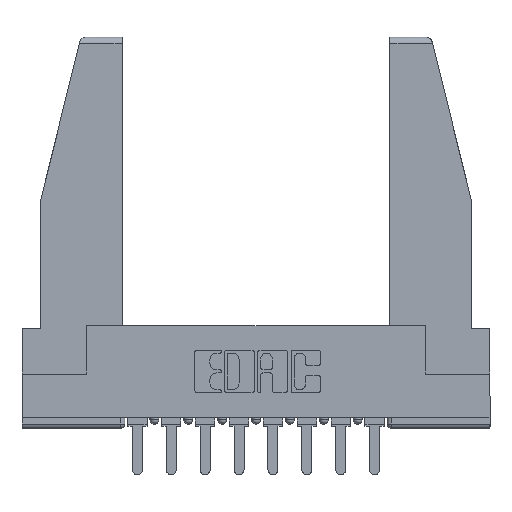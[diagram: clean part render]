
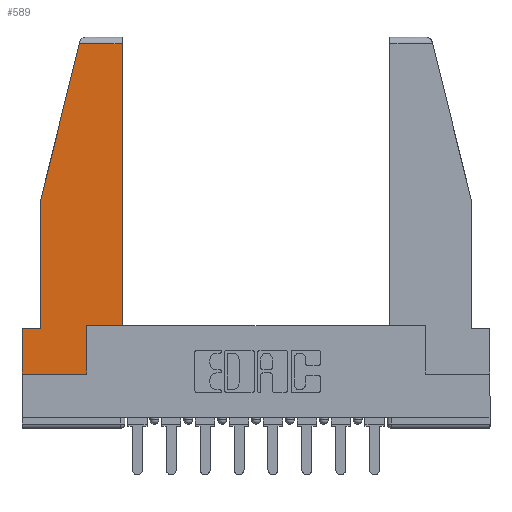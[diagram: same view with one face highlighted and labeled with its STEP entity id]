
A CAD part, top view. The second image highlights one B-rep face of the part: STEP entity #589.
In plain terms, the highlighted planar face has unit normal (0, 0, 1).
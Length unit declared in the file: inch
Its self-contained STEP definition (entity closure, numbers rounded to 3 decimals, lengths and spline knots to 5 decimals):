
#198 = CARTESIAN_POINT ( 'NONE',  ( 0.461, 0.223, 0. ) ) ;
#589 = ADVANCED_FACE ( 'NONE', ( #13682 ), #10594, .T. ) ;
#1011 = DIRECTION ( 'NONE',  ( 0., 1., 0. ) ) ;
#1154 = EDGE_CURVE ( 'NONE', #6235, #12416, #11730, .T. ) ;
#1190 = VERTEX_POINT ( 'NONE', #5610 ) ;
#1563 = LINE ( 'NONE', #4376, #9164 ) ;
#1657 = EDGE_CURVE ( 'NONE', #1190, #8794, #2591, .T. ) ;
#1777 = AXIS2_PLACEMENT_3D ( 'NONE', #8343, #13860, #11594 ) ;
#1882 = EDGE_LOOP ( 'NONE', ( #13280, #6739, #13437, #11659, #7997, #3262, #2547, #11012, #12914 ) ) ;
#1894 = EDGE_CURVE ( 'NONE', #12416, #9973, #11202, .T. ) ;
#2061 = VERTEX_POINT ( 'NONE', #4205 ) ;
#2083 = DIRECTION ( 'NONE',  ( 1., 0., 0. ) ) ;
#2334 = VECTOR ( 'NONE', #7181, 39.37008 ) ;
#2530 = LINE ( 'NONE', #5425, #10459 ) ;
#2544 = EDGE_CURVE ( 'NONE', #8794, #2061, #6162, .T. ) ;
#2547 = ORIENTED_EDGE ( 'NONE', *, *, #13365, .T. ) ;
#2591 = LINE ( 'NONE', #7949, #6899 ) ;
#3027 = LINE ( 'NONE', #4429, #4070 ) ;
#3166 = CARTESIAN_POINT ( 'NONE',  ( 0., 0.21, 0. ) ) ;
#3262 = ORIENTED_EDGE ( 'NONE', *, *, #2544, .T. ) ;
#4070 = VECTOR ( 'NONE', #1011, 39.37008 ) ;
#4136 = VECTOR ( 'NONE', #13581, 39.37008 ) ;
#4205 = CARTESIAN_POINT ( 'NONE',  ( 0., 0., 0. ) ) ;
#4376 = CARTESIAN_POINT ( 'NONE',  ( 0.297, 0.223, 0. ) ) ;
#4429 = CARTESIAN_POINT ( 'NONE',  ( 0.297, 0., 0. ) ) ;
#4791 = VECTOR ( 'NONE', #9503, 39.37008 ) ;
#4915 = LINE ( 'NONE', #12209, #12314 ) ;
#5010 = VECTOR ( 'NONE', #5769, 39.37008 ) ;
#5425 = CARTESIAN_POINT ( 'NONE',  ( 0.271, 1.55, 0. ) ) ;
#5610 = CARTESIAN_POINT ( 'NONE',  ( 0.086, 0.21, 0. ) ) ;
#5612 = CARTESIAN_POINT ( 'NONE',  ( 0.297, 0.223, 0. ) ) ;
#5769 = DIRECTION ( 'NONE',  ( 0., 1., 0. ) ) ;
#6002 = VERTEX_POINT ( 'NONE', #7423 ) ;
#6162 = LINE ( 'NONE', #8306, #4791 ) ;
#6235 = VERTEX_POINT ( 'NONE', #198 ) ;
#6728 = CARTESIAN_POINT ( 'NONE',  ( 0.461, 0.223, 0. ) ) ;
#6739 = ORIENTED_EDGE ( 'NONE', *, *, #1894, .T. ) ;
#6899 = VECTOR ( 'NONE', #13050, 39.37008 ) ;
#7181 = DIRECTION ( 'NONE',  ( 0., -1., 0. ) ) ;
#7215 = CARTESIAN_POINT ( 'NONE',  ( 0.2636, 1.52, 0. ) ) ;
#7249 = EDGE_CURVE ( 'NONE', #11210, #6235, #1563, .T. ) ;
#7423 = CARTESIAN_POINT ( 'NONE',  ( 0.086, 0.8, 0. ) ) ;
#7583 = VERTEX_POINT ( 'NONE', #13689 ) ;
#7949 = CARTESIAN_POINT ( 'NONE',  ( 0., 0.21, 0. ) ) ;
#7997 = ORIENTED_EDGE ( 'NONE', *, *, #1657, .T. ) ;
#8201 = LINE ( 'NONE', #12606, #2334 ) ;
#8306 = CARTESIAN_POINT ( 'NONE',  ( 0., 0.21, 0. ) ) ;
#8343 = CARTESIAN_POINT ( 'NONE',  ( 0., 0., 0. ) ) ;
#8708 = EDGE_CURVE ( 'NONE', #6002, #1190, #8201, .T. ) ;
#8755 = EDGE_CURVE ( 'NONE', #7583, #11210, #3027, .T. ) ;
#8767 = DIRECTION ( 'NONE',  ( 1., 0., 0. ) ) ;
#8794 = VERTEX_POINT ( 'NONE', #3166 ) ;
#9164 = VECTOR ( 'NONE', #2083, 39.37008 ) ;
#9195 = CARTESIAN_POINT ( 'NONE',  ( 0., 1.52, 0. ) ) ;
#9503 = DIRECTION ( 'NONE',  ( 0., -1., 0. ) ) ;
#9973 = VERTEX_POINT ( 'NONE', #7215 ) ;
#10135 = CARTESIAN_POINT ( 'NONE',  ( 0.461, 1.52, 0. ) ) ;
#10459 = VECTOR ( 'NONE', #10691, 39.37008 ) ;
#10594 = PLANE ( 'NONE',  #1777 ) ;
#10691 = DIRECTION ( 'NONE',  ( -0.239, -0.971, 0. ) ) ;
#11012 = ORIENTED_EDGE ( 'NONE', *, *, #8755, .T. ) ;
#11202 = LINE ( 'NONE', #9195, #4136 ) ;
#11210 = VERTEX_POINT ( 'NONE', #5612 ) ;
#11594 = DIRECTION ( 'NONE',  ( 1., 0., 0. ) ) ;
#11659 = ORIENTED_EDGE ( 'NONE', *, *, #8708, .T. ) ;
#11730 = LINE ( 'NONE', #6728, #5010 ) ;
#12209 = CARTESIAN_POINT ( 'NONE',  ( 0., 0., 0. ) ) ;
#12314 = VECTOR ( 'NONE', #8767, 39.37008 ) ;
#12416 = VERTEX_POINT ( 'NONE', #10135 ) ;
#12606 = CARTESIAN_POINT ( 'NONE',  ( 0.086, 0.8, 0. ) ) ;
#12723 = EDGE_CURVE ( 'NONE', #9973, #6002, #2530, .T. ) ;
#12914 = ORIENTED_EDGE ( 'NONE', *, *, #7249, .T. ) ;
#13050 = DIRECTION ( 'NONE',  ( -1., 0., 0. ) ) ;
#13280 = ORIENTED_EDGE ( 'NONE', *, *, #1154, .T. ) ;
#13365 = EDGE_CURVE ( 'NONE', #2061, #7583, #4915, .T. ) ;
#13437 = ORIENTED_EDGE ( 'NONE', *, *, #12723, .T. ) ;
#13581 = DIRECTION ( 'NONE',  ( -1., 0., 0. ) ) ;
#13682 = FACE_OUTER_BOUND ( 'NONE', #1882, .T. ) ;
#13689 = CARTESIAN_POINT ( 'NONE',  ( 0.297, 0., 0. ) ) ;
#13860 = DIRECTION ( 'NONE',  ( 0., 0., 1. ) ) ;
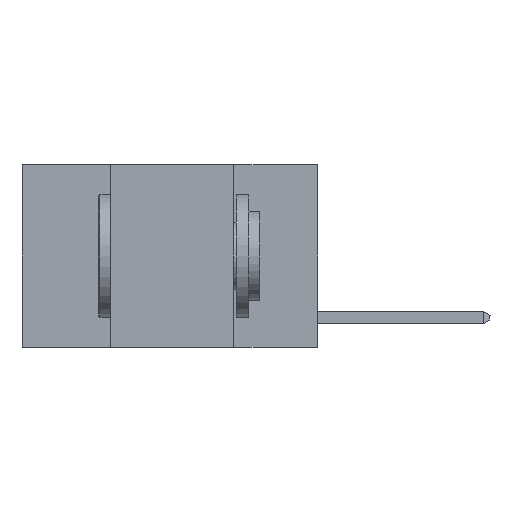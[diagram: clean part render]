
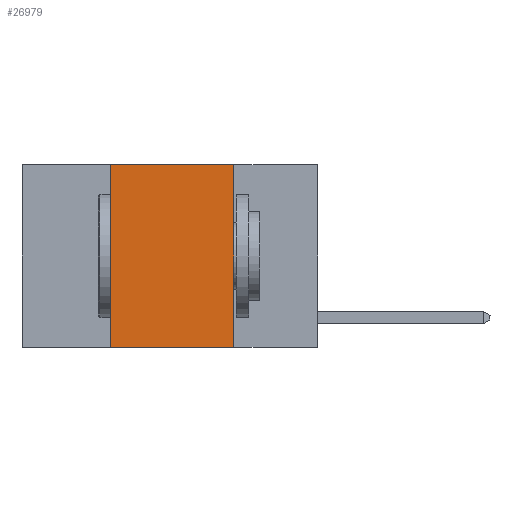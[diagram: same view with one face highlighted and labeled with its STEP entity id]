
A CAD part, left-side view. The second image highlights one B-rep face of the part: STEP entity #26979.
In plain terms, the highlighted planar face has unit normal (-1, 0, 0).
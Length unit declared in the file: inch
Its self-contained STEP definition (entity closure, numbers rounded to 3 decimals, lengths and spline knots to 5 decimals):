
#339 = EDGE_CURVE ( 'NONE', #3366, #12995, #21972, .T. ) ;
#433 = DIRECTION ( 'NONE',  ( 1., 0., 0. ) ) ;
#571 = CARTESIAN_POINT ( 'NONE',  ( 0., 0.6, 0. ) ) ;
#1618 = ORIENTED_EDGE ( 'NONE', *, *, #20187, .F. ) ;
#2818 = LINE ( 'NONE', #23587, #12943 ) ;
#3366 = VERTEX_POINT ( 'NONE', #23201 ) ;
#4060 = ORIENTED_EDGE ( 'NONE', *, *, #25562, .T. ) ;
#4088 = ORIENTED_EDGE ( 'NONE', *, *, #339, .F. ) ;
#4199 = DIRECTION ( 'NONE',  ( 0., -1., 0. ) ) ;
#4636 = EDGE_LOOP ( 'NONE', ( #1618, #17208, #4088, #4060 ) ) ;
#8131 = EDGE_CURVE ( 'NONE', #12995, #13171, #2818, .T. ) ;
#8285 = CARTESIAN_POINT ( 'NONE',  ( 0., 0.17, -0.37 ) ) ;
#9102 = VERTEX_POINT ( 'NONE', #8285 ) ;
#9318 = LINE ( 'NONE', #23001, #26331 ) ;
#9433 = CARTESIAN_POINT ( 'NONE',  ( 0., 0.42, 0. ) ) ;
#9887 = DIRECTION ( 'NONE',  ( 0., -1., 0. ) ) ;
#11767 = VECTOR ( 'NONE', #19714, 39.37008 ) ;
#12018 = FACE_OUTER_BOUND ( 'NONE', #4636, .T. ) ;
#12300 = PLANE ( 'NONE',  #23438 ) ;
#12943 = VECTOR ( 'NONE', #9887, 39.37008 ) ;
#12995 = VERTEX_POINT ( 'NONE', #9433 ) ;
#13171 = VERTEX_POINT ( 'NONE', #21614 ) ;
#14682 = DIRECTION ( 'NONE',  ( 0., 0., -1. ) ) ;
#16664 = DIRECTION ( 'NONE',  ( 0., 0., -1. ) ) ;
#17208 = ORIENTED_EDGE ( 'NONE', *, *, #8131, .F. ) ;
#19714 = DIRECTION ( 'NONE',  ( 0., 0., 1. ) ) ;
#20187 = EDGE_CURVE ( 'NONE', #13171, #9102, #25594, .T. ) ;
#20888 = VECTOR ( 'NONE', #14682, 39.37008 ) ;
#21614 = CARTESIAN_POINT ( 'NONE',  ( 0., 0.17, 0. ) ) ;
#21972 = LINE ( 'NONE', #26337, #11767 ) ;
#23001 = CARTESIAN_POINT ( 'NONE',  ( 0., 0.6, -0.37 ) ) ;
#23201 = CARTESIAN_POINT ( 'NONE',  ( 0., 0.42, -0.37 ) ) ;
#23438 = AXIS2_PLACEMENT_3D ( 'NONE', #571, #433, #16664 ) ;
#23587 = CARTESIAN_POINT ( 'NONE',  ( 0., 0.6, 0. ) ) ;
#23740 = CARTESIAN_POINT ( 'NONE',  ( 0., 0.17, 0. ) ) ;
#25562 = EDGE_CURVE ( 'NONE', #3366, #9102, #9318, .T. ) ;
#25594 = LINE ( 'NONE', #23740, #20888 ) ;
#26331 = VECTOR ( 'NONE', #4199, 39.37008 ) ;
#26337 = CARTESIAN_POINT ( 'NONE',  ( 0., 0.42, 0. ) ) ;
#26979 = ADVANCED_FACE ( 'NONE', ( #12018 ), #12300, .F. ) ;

-------------------------

Starting with the line above that holds "#8285 = CARTESIAN_POINT" and stopping with the line that holds "#9887 = DIRECTION", reproduce each line exactly, omitting all other lines.

#8285 = CARTESIAN_POINT ( 'NONE',  ( 0., 0.17, -0.37 ) ) ;
#9102 = VERTEX_POINT ( 'NONE', #8285 ) ;
#9318 = LINE ( 'NONE', #23001, #26331 ) ;
#9433 = CARTESIAN_POINT ( 'NONE',  ( 0., 0.42, 0. ) ) ;
#9887 = DIRECTION ( 'NONE',  ( 0., -1., 0. ) ) ;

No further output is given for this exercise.